There have been complaints about the conduct of the Police, both historically in relation to Maori by reference to unconscious bias, and to the initial operation of the 2019 amendment. Information obtained by the NZ Herald under the Official Information Act indicates that, since the amendment, there has been “a significant drop in police prosecutions for drug use and an increase in warning and alternative resolutions” including Youth Aid referral, family group conferences, alternative action plans, community justice panels or simply no further action. The number of prosecutions has dropped by over 20% and the number of people who have been sentenced to jail has reduced by 80%. However, the proportion of Maori drug users apprehended by the Police has remained constant which has led to those favouring legalization to claim that only that will “even the legal playing field and quash the biased application of the law against Maori”: Derek Cheng, NZ Herald, 2 October 2020.
The Police response to those claims is that the problem of unconscious bias exists but that a programme of education and training has begun. That must surely be the place to start to deal with Maori criminal conviction disproportionality, which is not on the statistics confined at all to cannabis offences and which no doubt requires a wide variety of both social and legal reforms. Using that problem to support the Cannabis Bill without regard to the many other facets, especially those relating to harm to health is myopic and illogical.
Conclusion
Convicting and sending users of cannabis to prison in circumstances where there is no related criminal activity can legitimately be questioned. That is the very question raised and addressed by the 2019 amendment to the Misuse of Drugs Act. Retaining the possibility of a criminal conviction may arguably be justified on the basis that its existence provides a more powerful incentive to chronic users to agree to undertake rehabilitation, counselling or other remedial course.
The other alternative – which on balance I would prefer – is the Portuguese model of mandatory submission to a health-focused commission or panel of professionals, non-compliance with which would be an offence punishable by a fine or community service or both.
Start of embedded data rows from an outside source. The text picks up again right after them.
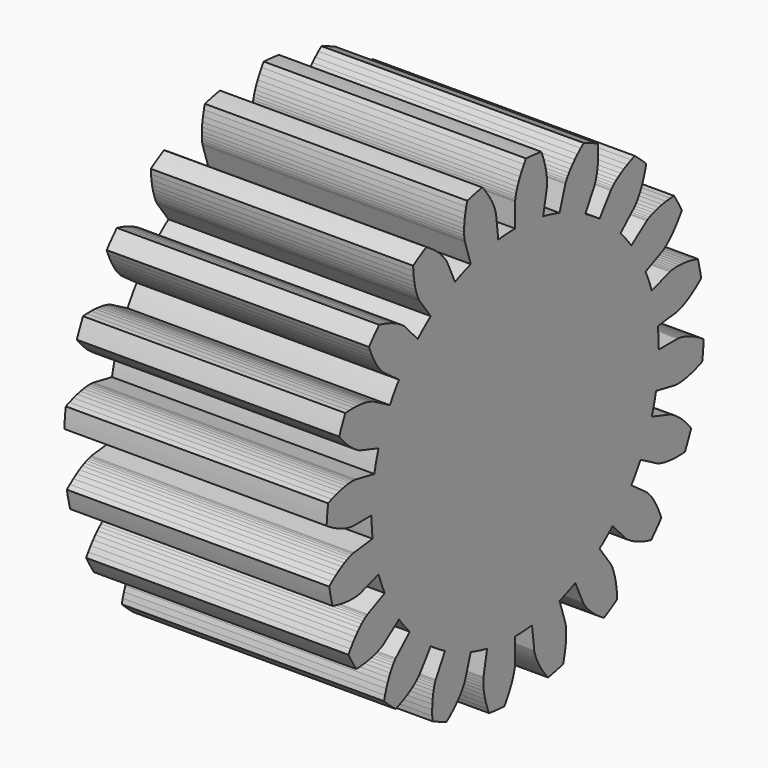
from build123d import *

# Parameters (mm, degrees)
F2_DEPTH = 12.7


# Not quite as in the source:
# - a variable given as a bare number and used for a length is read in inches; the dataset says mm whatever the document's units were


with BuildPart() as f2:
    # F1 (on Right) → F2 (new body)
    with BuildSketch(Plane.YZ):
        with BuildLine():
            ThreePointArc((8.5236223657, -1.6954539034), (8.6487623375, -0.8518287399), (8.69061, 0))
            ThreePointArc((8.69061, 0), (8.6755370945, 0.5116231949), (8.6303706627, 1.0214716817))
            ThreePointArc((8.6303706627, 1.0214716817), (8.4886913359, 1.8624772687), (8.2652612711, 2.6855461815))
            ThreePointArc((8.2652612711, 2.6855461815), (8.0928258242, 3.167470971), (7.8923181479, 3.6384085016))
            ThreePointArc((7.8923181479, 3.6384085016), (7.4976880821, 4.3944710257), (7.0308511815, 5.1082123914))
            ThreePointArc((7.0308511815, 5.1082123914), (6.7179323761, 5.5132646193), (6.3817105437, 5.8991925471))
            ThreePointArc((6.3817105437, 5.8991925471), (5.7727588794, 6.4963033405), (5.1082123914, 7.0308511815))
            ThreePointArc((5.1082123914, 7.0308511815), (4.6854409005, 7.3193815135), (4.2464166476, 7.582522524))
            ThreePointArc((4.2464166476, 7.582522524), (3.4827518165, 7.962232222), (2.6855461815, 8.2652612711))
            ThreePointArc((2.6855461815, 8.2652612711), (2.1943058241, 8.4090263481), (1.6954539034, 8.5236223657))
            ThreePointArc((1.6954539034, 8.5236223657), (0.8518287399, 8.6487623375), (0, 8.69061))
            ThreePointArc((0, 8.69061), (-0.5116231949, 8.6755370945), (-1.0214716817, 8.6303706627))
            ThreePointArc((-1.0214716817, 8.6303706627), (-1.8624772687, 8.4886913359), (-2.6855461815, 8.2652612711))
            ThreePointArc((-2.6855461815, 8.2652612711), (-3.167470971, 8.0928258242), (-3.6384085016, 7.8923181479))
            ThreePointArc((-3.6384085016, 7.8923181479), (-4.3944710257, 7.4976880821), (-5.1082123914, 7.0308511815))
            ThreePointArc((-5.1082123914, 7.0308511815), (-5.5132646193, 6.7179323761), (-5.8991925471, 6.3817105437))
            ThreePointArc((-5.8991925471, 6.3817105437), (-6.4963033405, 5.7727588794), (-7.0308511815, 5.1082123914))
            ThreePointArc((-7.0308511815, 5.1082123914), (-7.3193815135, 4.6854409005), (-7.582522524, 4.2464166476))
            ThreePointArc((-7.582522524, 4.2464166476), (-7.962232222, 3.4827518165), (-8.2652612711, 2.6855461815))
            ThreePointArc((-8.2652612711, 2.6855461815), (-8.4090263481, 2.1943058241), (-8.5236223657, 1.6954539034))
            ThreePointArc((-8.5236223657, 1.6954539034), (-8.6487623375, 0.8518287399), (-8.69061, 0))
            ThreePointArc((-8.69061, 0), (-8.6755370945, -0.5116231949), (-8.6303706627, -1.0214716817))
            ThreePointArc((-8.6303706627, -1.0214716817), (-8.4886913359, -1.8624772687), (-8.2652612711, -2.6855461815))
            ThreePointArc((-8.2652612711, -2.6855461815), (-8.0928258242, -3.167470971), (-7.8923181479, -3.6384085016))
            ThreePointArc((-7.8923181479, -3.6384085016), (-7.4976880821, -4.3944710257), (-7.0308511815, -5.1082123914))
            ThreePointArc((-7.0308511815, -5.1082123914), (-6.7179323761, -5.5132646193), (-6.3817105437, -5.8991925471))
            ThreePointArc((-6.3817105437, -5.8991925471), (-5.7727588794, -6.4963033405), (-5.1082123914, -7.0308511815))
            ThreePointArc((-5.1082123914, -7.0308511815), (-4.6854409005, -7.3193815135), (-4.2464166476, -7.582522524))
            ThreePointArc((-4.2464166476, -7.582522524), (-3.4827518165, -7.962232222), (-2.6855461815, -8.2652612711))
            ThreePointArc((-2.6855461815, -8.2652612711), (-2.1943058241, -8.4090263481), (-1.6954539034, -8.5236223657))
            ThreePointArc((-1.6954539034, -8.5236223657), (-0.8518287399, -8.6487623375), (0, -8.69061))
            ThreePointArc((0, -8.69061), (0.5116231949, -8.6755370945), (1.0214716817, -8.6303706627))
            ThreePointArc((1.0214716817, -8.6303706627), (1.8624772687, -8.4886913359), (2.6855461815, -8.2652612711))
            ThreePointArc((2.6855461815, -8.2652612711), (3.167470971, -8.0928258242), (3.6384085016, -7.8923181479))
            ThreePointArc((3.6384085016, -7.8923181479), (4.3944710257, -7.4976880821), (5.1082123914, -7.0308511815))
            ThreePointArc((5.1082123914, -7.0308511815), (5.5132646193, -6.7179323761), (5.8991925471, -6.3817105437))
            ThreePointArc((5.8991925471, -6.3817105437), (6.4963033405, -5.7727588794), (7.0308511815, -5.1082123914))
            ThreePointArc((7.0308511815, -5.1082123914), (7.3193815135, -4.6854409005), (7.582522524, -4.2464166476))
            ThreePointArc((7.582522524, -4.2464166476), (7.962232222, -3.4827518165), (8.2652612711, -2.6855461815))
            ThreePointArc((8.2652612711, -2.6855461815), (8.4090263481, -2.1943058241), (8.5236223657, -1.6954539034))
        make_face()
        with BuildLine():
            Line((-9.3549533207, -3.0396085912), (-8.2652612711, -2.6855461815))
            ThreePointArc((-8.2652612711, -2.6855461815), (-8.4886913359, -1.8624772687), (-8.6303706627, -1.0214716817))
            Line((-8.6303706627, -1.0214716817), (-9.7681987347, -1.1561425087))
            Line((-9.7681987347, -1.1561425087), (-9.780353193, -1.157993683))
            Line((-9.780353193, -1.157993683), (-9.8165326998, -1.1651615743))
            Line((-9.8165326998, -1.1651615743), (-9.8761758653, -1.180040537))
            Line((-9.8761758653, -1.180040537), (-9.9585426782, -1.2049790988))
            Line((-9.9585426782, -1.2049790988), (-10.0627178322, -1.2422681281))
            Line((-10.0627178322, -1.2422681281), (-10.1876147871, -1.2941292255))
            Line((-10.1876147871, -1.2941292255), (-10.3319805495, -1.3627033855))
            Line((-10.3319805495, -1.3627033855), (-10.4944011563, -1.4500399701))
            Line((-10.4944011563, -1.4500399701), (-10.6733078407, -1.5580860349))
            Line((-10.6733078407, -1.5580860349), (-10.8669838603, -1.6886760511))
            Line((-10.8669838603, -1.6886760511), (-11.0735719609, -1.8435220595))
            Line((-11.0735719609, -1.8435220595), (-11.2547256997, -1.994003366))
            ThreePointArc((-11.2547256997, -1.994003366), (-11.1644340235, -2.4495536195), (-11.0557112434, -2.901059962))
            Line((-11.0557112434, -2.901059962), (-10.8281972477, -2.9618767566))
            Line((-10.8281972477, -2.9618767566), (-10.5757578852, -3.0160089821))
            Line((-10.5757578852, -3.0160089821), (-10.3451995481, -3.0535190624))
            Line((-10.3451995481, -3.0535190624), (-10.1374921268, -3.0767393331))
            Line((-10.1374921268, -3.0767393331), (-9.9534266499, -3.0880544876))
            Line((-9.9534266499, -3.0880544876), (-9.7936126283, -3.0898895107))
            Line((-9.7936126283, -3.0898895107), (-9.6584761579, -3.0846974859))
            Line((-9.6584761579, -3.0846974859), (-9.5482587877, -3.0749473207))
            Line((-9.5482587877, -3.0749473207), (-9.4630171571, -3.0631114372))
            Line((-9.4630171571, -3.0631114372), (-9.4026234009, -3.0516534735))
            Line((-9.4026234009, -3.0516534735), (-9.3667663213, -3.0430160422))
            Line((-9.3667663213, -3.0430160422), (-9.3549533207, -3.0396085912))
        make_face()
        with BuildLine():
            Line((-7.9577986044, -5.7816791154), (-7.0308511815, -5.1082123914))
            ThreePointArc((-7.0308511815, -5.1082123914), (-7.4976880821, -4.3944710257), (-7.8923181479, -3.6384085016))
            Line((-7.8923181479, -3.6384085016), (-8.932841376, -4.1180962801))
            Line((-8.932841376, -4.1180962801), (-8.9438289085, -4.1236127857))
            Line((-8.9438289085, -4.1236127857), (-8.9760226639, -4.1416099379))
            Line((-8.9760226639, -4.1416099379), (-9.0281488328, -4.174191424))
            Line((-9.0281488328, -4.174191424), (-9.0987778875, -4.2233621507))
            Line((-9.0987778875, -4.2233621507), (-9.1863314028, -4.291018018))
            Line((-9.1863314028, -4.291018018), (-9.2890895052, -4.3789361342))
            Line((-9.2890895052, -4.3789361342), (-9.4051989235, -4.4887655099))
            Line((-9.4051989235, -4.4887655099), (-9.532681611, -4.6220182655))
            Line((-9.532681611, -4.6220182655), (-9.6694439088, -4.7800613854))
            Line((-9.6694439088, -4.7800613854), (-9.813286215, -4.9641090528))
            Line((-9.813286215, -4.9641090528), (-9.9619131262, -5.175215592))
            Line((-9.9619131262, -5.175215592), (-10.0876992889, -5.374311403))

Neither alternative requires legalization of cannabis use. At most it requires decriminalization. Nor does either alternative require revenue-raising from licensed cannabis growers and retailers, whose profit maximization incentive will inevitably lead to greater cannabis use in the community and with that greater harm.
If there truly is a common and informed consensus on all sides of the cannabis debate that there is serious harm to our youth in particular, the community will support the provision of adequate resources to the Police to combat the black market, to recognise and address any unconscious bias against Maori and also for the Ministry of Health to provide the required health and educational measures.
We have poured substantial resources into the attempt to establish New Zealand as a more health smoke free country by 2025. Conscious of the health risks of tobacco, the public has got behind this and, as in other countries, there are significantly fewer people (and in particular young people) who smoke today. What is the logic in replacing that with the promotion of cannabis use and the increased harm to health that it entails?